* Stored items from a collection *
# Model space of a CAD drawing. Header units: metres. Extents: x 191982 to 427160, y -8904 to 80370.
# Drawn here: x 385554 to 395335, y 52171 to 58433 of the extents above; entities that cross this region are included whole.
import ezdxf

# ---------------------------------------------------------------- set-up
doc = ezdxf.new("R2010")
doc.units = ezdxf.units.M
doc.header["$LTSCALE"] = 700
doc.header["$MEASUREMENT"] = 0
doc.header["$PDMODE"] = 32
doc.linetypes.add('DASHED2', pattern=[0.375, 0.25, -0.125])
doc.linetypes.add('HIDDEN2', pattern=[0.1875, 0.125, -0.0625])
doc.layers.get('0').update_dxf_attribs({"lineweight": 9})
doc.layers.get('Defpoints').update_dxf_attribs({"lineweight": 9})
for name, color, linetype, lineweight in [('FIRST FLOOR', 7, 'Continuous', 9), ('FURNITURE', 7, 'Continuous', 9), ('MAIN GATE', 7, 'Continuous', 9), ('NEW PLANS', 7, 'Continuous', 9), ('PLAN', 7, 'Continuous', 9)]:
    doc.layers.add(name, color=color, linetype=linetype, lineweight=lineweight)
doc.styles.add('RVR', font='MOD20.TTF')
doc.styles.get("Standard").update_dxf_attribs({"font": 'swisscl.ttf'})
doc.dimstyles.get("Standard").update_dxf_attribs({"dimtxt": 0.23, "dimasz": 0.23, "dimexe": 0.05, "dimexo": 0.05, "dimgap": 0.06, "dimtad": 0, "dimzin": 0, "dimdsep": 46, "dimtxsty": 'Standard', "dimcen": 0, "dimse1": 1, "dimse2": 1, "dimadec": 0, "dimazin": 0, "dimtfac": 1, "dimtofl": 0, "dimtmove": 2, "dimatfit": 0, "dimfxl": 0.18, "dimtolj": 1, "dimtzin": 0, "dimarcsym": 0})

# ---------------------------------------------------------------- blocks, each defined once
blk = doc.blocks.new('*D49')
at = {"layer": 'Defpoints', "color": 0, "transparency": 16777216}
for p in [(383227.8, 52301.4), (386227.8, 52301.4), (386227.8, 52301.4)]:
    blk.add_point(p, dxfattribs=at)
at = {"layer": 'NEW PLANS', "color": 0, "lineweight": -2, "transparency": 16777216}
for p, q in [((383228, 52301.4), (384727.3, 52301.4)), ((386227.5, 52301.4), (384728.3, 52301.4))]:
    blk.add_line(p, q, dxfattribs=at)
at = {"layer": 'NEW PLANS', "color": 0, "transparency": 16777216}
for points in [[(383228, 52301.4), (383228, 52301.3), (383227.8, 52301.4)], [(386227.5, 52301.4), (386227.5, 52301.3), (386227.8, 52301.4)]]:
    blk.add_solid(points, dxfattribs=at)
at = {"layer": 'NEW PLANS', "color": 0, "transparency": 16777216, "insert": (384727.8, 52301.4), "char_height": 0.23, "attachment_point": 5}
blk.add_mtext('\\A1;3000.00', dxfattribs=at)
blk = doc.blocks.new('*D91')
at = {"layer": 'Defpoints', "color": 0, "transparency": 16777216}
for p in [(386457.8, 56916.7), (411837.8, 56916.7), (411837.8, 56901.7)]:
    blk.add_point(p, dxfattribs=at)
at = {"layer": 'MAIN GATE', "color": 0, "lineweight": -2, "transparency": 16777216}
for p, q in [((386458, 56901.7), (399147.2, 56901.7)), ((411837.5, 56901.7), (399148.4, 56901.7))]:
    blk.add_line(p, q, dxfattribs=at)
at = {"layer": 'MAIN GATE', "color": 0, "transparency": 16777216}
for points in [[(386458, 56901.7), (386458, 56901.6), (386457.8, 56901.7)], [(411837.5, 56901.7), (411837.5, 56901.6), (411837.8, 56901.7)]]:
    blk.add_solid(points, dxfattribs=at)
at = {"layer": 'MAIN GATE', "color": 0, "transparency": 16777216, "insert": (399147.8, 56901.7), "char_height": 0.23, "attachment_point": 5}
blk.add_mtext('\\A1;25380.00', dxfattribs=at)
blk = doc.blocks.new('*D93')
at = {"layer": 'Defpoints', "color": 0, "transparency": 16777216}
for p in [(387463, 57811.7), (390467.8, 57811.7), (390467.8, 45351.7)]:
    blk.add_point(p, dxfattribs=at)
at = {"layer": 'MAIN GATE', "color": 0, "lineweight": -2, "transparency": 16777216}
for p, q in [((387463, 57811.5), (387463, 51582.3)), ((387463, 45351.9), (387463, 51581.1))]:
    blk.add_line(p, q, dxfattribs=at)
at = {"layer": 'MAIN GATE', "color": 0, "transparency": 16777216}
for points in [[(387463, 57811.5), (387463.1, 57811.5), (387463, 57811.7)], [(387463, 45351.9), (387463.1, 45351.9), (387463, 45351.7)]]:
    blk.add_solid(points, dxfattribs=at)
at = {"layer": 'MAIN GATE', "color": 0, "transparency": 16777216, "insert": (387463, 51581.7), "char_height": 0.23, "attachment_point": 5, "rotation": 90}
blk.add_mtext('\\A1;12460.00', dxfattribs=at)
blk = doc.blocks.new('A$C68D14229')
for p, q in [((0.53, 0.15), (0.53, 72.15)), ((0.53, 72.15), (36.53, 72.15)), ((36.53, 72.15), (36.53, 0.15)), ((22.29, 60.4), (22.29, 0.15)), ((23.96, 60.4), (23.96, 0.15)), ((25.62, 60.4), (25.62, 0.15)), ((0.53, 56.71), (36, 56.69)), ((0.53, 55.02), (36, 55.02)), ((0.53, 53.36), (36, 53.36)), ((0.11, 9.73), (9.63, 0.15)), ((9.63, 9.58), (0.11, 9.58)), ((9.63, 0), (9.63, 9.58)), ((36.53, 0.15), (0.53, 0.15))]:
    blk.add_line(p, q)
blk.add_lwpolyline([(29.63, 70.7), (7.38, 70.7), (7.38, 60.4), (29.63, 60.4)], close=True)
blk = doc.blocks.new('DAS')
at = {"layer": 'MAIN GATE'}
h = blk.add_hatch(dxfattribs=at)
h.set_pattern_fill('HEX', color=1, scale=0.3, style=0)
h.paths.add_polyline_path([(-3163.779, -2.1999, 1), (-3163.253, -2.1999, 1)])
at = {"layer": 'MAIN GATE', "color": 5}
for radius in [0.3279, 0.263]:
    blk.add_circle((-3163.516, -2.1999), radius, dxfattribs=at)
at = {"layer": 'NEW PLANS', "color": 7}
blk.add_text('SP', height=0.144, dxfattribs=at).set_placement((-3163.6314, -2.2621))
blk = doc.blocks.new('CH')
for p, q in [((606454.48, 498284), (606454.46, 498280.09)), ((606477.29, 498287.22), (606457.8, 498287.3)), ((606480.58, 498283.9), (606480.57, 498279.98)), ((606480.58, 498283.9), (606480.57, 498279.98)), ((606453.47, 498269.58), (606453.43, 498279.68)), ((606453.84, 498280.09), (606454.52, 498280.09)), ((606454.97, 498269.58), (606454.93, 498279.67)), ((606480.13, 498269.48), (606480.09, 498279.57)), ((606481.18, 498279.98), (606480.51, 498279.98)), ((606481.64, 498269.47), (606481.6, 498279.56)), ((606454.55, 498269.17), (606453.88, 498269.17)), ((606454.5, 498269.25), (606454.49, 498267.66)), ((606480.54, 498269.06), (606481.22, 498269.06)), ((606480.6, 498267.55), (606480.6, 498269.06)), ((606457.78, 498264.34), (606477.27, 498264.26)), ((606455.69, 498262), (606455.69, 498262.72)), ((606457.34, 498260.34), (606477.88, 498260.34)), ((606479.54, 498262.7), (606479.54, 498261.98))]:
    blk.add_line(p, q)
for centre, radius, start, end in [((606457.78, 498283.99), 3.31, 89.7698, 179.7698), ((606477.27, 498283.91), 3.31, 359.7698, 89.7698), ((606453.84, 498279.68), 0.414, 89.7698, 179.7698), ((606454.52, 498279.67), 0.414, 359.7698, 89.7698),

* YOUR TASK *
Each line above with the string "linetypes" should be reported in full.

* YOUR SOLUTION *
doc.linetypes.add('DASHED2', pattern=[0.375, 0.25, -0.125])
doc.linetypes.add('HIDDEN2', pattern=[0.1875, 0.125, -0.0625])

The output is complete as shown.